### Exercise data
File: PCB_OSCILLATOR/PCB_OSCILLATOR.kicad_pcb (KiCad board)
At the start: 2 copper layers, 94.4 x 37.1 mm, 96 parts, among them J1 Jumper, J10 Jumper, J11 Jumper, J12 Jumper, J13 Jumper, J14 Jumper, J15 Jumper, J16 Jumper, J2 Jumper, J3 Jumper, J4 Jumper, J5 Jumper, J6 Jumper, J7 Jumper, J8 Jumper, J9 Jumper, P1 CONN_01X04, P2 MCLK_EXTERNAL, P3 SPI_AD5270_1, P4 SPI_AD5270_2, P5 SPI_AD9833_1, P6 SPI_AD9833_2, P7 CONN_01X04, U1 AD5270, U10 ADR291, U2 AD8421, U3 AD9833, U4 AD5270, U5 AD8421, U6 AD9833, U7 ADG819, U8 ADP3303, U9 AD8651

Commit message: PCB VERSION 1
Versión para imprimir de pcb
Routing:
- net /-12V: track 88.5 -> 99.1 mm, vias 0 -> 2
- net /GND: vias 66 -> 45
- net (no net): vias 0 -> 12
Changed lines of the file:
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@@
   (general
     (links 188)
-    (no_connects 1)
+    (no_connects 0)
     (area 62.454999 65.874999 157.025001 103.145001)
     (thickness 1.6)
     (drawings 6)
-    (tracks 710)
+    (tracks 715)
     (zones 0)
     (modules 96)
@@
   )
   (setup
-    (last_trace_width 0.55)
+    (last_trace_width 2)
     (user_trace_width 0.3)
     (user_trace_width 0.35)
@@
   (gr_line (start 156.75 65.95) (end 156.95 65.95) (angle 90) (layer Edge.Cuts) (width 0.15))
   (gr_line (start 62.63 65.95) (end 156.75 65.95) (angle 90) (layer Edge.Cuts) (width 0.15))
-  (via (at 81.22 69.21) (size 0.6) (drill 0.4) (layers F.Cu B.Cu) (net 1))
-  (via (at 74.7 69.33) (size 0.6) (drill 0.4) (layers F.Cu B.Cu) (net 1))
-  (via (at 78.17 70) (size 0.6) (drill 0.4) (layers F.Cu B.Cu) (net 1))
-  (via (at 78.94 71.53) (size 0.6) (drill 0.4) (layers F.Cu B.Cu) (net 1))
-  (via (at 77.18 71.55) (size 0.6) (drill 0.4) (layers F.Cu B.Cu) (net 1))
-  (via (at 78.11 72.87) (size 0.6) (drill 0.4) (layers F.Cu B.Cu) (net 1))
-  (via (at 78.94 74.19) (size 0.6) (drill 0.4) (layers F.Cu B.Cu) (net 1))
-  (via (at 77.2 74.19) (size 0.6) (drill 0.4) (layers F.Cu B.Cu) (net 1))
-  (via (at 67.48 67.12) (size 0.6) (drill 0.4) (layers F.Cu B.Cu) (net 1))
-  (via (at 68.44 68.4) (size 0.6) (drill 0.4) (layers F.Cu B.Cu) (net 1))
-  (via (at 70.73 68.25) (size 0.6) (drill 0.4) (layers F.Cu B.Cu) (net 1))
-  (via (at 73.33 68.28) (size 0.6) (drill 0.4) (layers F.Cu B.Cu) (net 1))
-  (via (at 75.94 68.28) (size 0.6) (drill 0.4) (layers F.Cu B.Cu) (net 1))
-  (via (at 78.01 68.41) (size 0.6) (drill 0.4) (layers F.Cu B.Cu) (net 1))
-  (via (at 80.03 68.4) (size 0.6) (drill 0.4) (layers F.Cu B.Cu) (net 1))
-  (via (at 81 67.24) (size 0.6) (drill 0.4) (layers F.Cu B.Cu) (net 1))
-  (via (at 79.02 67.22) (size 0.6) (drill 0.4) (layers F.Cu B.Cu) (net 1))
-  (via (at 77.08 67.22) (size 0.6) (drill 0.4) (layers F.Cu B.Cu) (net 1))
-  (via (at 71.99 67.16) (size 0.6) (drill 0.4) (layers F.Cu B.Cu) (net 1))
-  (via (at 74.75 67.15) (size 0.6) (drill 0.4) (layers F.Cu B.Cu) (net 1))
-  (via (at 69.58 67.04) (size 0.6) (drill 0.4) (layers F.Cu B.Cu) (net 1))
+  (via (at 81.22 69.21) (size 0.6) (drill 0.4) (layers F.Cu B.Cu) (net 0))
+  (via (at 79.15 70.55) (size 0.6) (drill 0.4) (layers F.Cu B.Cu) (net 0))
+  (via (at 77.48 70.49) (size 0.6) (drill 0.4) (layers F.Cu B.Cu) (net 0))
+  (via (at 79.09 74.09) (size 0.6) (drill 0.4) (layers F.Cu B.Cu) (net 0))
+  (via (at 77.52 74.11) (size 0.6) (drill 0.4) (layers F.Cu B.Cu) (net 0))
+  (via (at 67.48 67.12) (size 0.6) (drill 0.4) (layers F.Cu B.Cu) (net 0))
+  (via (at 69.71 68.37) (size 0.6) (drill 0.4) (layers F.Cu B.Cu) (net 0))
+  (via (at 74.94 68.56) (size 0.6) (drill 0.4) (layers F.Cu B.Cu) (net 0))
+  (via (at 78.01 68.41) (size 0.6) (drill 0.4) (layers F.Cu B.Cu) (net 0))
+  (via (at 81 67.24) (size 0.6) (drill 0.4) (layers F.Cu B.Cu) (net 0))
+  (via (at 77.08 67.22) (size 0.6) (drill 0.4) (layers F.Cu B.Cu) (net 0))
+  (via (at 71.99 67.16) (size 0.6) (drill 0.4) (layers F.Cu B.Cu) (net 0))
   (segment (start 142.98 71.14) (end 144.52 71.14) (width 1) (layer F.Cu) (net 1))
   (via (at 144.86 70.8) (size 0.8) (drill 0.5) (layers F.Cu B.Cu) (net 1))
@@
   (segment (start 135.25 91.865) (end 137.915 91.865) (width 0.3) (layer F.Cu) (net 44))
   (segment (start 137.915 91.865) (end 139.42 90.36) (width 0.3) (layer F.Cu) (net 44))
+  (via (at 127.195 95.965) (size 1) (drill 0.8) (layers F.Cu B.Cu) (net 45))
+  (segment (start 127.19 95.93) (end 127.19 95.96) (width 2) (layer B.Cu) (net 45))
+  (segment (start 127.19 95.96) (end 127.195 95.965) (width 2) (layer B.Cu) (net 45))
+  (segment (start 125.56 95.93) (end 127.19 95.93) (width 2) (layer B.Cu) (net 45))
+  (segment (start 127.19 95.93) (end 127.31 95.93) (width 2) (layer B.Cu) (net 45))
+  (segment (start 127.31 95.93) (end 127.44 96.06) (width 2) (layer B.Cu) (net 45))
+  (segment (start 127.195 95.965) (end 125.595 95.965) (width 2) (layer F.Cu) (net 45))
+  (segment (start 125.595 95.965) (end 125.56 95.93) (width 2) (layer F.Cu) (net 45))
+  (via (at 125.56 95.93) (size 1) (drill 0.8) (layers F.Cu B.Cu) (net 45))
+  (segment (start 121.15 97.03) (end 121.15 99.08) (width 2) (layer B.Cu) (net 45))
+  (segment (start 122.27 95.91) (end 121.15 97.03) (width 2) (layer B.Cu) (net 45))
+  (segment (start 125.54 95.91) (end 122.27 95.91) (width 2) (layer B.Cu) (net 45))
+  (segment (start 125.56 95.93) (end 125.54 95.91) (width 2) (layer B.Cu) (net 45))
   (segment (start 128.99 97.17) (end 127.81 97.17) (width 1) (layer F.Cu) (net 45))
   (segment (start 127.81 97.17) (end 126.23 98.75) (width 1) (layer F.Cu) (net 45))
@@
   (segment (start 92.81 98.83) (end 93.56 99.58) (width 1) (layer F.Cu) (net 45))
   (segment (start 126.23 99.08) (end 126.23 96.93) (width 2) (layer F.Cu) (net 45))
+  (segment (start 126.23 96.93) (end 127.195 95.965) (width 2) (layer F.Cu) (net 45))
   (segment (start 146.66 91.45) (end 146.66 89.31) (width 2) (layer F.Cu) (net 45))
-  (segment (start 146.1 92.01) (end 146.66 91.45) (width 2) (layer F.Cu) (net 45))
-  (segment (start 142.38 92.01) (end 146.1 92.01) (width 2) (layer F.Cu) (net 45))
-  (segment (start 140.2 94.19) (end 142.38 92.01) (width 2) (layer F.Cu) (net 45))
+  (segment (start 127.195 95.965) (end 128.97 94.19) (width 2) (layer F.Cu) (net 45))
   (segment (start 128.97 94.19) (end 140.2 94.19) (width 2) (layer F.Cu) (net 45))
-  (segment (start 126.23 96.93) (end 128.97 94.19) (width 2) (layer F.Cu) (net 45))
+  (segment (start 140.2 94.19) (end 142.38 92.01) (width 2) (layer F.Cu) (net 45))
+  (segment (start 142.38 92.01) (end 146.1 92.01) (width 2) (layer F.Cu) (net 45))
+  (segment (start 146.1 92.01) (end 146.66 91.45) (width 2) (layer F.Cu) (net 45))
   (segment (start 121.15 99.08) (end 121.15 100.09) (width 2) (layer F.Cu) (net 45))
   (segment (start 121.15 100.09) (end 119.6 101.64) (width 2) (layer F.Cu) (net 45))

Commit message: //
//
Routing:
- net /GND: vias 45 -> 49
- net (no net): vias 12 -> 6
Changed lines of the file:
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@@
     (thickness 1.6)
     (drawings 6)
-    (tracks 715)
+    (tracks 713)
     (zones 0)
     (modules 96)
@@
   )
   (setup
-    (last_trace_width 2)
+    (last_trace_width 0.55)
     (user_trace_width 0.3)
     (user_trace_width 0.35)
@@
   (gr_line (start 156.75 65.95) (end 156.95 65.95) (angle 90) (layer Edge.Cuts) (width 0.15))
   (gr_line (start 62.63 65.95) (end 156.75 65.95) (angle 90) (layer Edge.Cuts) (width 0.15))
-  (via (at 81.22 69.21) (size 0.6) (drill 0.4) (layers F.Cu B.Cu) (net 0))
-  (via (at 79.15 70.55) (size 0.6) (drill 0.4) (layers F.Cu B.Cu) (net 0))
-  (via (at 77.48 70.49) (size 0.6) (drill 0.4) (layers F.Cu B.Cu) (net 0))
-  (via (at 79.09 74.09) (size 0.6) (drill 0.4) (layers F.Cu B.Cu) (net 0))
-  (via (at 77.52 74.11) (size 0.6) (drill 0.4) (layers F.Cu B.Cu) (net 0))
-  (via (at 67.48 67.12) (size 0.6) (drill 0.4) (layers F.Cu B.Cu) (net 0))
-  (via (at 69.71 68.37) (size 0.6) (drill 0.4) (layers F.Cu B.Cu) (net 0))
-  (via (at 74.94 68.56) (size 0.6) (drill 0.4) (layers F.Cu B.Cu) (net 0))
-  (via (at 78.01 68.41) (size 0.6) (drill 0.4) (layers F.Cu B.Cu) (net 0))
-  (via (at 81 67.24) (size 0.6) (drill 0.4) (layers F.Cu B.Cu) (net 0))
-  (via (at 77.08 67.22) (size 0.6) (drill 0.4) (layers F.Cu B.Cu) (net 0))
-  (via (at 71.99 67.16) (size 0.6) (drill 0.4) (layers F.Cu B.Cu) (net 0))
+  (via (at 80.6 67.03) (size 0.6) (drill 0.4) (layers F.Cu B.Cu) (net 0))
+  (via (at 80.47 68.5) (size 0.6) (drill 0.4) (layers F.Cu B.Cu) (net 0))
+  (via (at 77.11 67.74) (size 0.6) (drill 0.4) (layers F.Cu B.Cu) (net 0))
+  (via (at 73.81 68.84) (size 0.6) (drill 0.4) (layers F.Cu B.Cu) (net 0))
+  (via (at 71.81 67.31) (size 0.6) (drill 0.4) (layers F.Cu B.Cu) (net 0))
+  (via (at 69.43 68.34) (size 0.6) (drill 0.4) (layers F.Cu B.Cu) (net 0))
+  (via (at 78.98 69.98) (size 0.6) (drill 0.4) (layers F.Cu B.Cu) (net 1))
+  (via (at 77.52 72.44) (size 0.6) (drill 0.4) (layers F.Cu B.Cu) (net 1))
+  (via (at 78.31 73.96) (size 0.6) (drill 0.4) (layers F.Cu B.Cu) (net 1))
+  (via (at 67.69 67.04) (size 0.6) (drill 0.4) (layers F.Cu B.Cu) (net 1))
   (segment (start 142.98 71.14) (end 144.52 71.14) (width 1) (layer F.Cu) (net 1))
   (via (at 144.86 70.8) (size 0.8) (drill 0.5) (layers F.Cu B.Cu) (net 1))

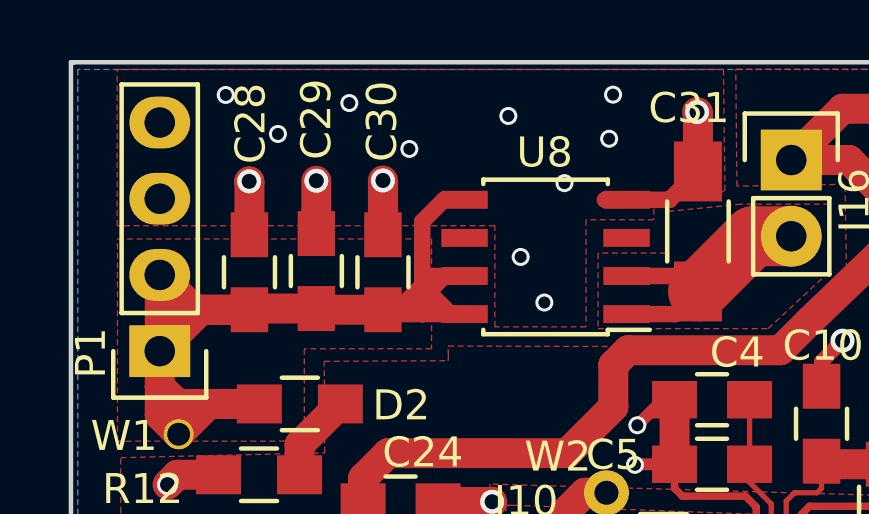
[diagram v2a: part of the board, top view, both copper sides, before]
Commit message: Cambio de regulador en esquematico
//
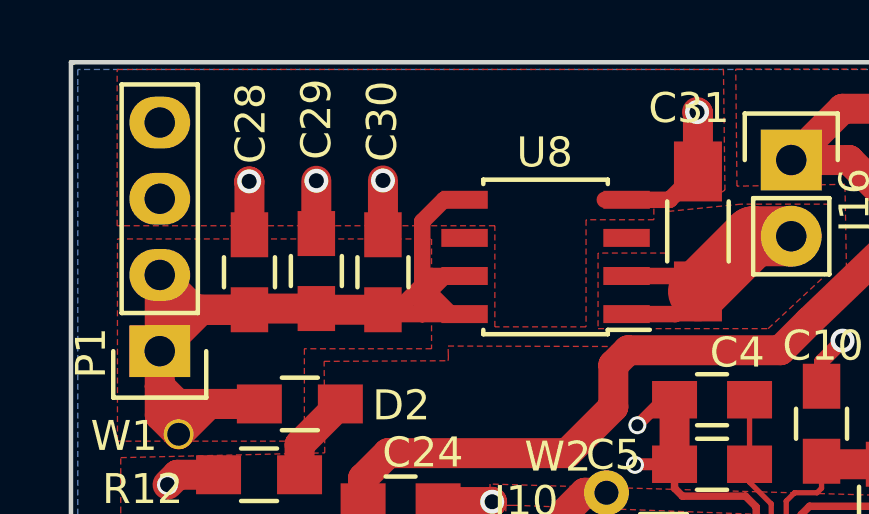
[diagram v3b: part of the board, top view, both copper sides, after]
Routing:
- net /GND: vias 49 -> 45
- net (no net): vias 6 -> 0
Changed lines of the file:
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@@
   (general
     (links 188)
-    (no_connects 0)
-    (area 62.454999 65.874999 157.025001 103.145001)
+    (no_connects 43)
+    (area 61.285 65.005 157.025001 103.145001)
     (thickness 1.6)
     (drawings 6)
-    (tracks 713)
+    (tracks 703)
     (zones 0)
     (modules 96)
@@
   )
   (setup
-    (last_trace_width 0.55)
+    (last_trace_width 0.2)
     (user_trace_width 0.3)
     (user_trace_width 0.35)
@@
   (gr_line (start 156.75 65.95) (end 156.95 65.95) (angle 90) (layer Edge.Cuts) (width 0.15))
   (gr_line (start 62.63 65.95) (end 156.75 65.95) (angle 90) (layer Edge.Cuts) (width 0.15))
-  (via (at 80.6 67.03) (size 0.6) (drill 0.4) (layers F.Cu B.Cu) (net 0))
-  (via (at 80.47 68.5) (size 0.6) (drill 0.4) (layers F.Cu B.Cu) (net 0))
-  (via (at 77.11 67.74) (size 0.6) (drill 0.4) (layers F.Cu B.Cu) (net 0))
-  (via (at 73.81 68.84) (size 0.6) (drill 0.4) (layers F.Cu B.Cu) (net 0))
-  (via (at 71.81 67.31) (size 0.6) (drill 0.4) (layers F.Cu B.Cu) (net 0))
-  (via (at 69.43 68.34) (size 0.6) (drill 0.4) (layers F.Cu B.Cu) (net 0))
-  (via (at 78.98 69.98) (size 0.6) (drill 0.4) (layers F.Cu B.Cu) (net 1))
-  (via (at 77.52 72.44) (size 0.6) (drill 0.4) (layers F.Cu B.Cu) (net 1))
-  (via (at 78.31 73.96) (size 0.6) (drill 0.4) (layers F.Cu B.Cu) (net 1))
-  (via (at 67.69 67.04) (size 0.6) (drill 0.4) (layers F.Cu B.Cu) (net 1))
   (segment (start 142.98 71.14) (end 144.52 71.14) (width 1) (layer F.Cu) (net 1))
   (via (at 144.86 70.8) (size 0.8) (drill 0.5) (layers F.Cu B.Cu) (net 1))
@@
     (connect_pads yes (clearance 0.3))
     (min_thickness 0.2)
-    (fill yes (arc_segments 16) (thermal_gap 0.508) (thermal_bridge_width 0.508) (smoothing fillet))
+    (fill (arc_segments 16) (thermal_gap 0.508) (thermal_bridge_width 0.508) (smoothing fillet))
     (polygon
       (pts
@@
     (connect_pads yes (clearance 0.3))
     (min_thickness 0.2)
-    (fill yes (arc_segments 16) (thermal_gap 0.508) (thermal_bridge_width 0.508) (smoothing fillet))
+    (fill (arc_segments 16) (thermal_gap 0.508) (thermal_bridge_width 0.508) (smoothing fillet))
     (polygon
       (pts
@@
     (connect_pads yes (clearance 0.3))
     (min_thickness 0.2)
-    (fill yes (arc_segments 16) (thermal_gap 0.508) (thermal_bridge_width 0.508) (smoothing fillet))
+    (fill (arc_segments 16) (thermal_gap 0.508) (thermal_bridge_width 0.508) (smoothing fillet))
     (polygon
       (pts
@@
     (connect_pads (clearance 0.4))
     (min_thickness 0.2)
-    (fill yes (arc_segments 16) (thermal_gap 0.508) (thermal_bridge_width 0.508) (smoothing fillet))
+    (fill (arc_segments 16) (thermal_gap 0.508) (thermal_bridge_width 0.508) (smoothing fillet))
     (polygon
       (pts
@@
     (connect_pads (clearance 0.4))
     (min_thickness 0.2)
-    (fill yes (arc_segments 16) (thermal_gap 0.508) (thermal_bridge_width 0.508) (smoothing fillet))
+    (fill (arc_segments 16) (thermal_gap 0.508) (thermal_bridge_width 0.508) (smoothing fillet))
     (polygon
       (pts
@@
     (connect_pads (clearance 0.4))
     (min_thickness 0.2)
-    (fill yes (arc_segments 16) (thermal_gap 0.508) (thermal_bridge_width 0.508))
+    (fill (arc_segments 16) (thermal_gap 0.508) (thermal_bridge_width 0.508))
     (polygon
       (pts
@@
     (connect_pads (clearance 0.4))
     (min_thickness 0.2)
-    (fill yes (arc_segments 16) (thermal_gap 0.508) (thermal_bridge_width 0.508))
+    (fill (arc_segments 16) (thermal_gap 0.508) (thermal_bridge_width 0.508))
     (polygon
       (pts
@@
     (connect_pads (clearance 0.4))
     (min_thickness 0.2)
-    (fill yes (arc_segments 16) (thermal_gap 0.508) (thermal_bridge_width 0.508))
+    (fill (arc_segments 16) (thermal_gap 0.508) (thermal_bridge_width 0.508))
     (polygon
       (pts
@@
     (connect_pads (clearance 0.4))
     (min_thickness 0.3)
-    (fill yes (arc_segments 16) (thermal_gap 0.508) (thermal_bridge_width 0.508))
+    (fill (arc_segments 16) (thermal_gap 0.508) (thermal_bridge_width 0.508))
     (polygon
       (pts

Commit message: Ultima Version
//
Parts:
- added ?: MountingHole_2.2mm_M2_Pad_Via, Mounting_Holes:MountingHole_2.2mm_M2_Pad_Via, F.Cu at (151.1, 98.6)
- added ?: MountingHole_2.2mm_M2_Pad_Via, Mounting_Holes:MountingHole_2.2mm_M2_Pad_Via, F.Cu at (68.5, 96.2)
- added ?: MountingHole_2.2mm_M2_Pad_Via, Mounting_Holes:MountingHole_2.2mm_M2_Pad_Via, F.Cu at (119.7, 69.3)
- added C33: 1uF, Capacitors_SMD:C_0805_HandSoldering, F.Cu at (77.1, 75.9)
- added R7: 140K, Resistors_SMD:R_0805_HandSoldering, F.Cu at (74.6, 67.9)
- added R8: 78.7K, Resistors_SMD:R_0805_HandSoldering, F.Cu at (79.7, 67.9)
- C31: value 0.47uF -> CNR
- U8: value ADP3303 -> ADP3334
- moved C30 0.61 mm to (73.0, 72.3)
- moved C28 0.59 mm to (68.5, 72.4)
- moved C29 0.55 mm to (70.7, 72.4)
- moved U8 0.47 mm to (78.2, 72.0), turned to 0 degrees
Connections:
- C31 pad 2: /GND -> Net-(C31-Pad2)
- U8 pad 1: Net-(C31-Pad1) -> /GND
- U8 pad 2: Net-(C31-Pad1) -> /GND
- U8 pad 3: (no net) -> /+5V
- U8 pad 4: /GND -> /+5V
- U8 pad 5: /+5V -> Net-(C31-Pad1)
- U8 pad 6: (no net) -> Net-(C31-Pad1)
- U8 pad 7: /+5V -> Net-(C31-Pad2)
- U8 pad 8: /+5V -> (no net)
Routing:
- net /GND: track 153.5 -> 215.4 mm, vias 45 -> 61
- net Net-(C31-Pad1): track 9.16 -> 23.7 mm
- net /+5V: track 39.9 -> 26.1 mm
- net Net-(C31-Pad2): track 0.00 -> 11.0 mm
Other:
- board text added: "SBS"
- board text added: "SBS Module: 001"
- board text added: "e"
- board text added: "n"
- board text added: "o"

### Aim of the task
Copy out every line above where "diagram" is present.

### Exercise response
[diagram v2a: part of the board, top view, both copper sides, before]
[diagram v3b: part of the board, top view, both copper sides, after]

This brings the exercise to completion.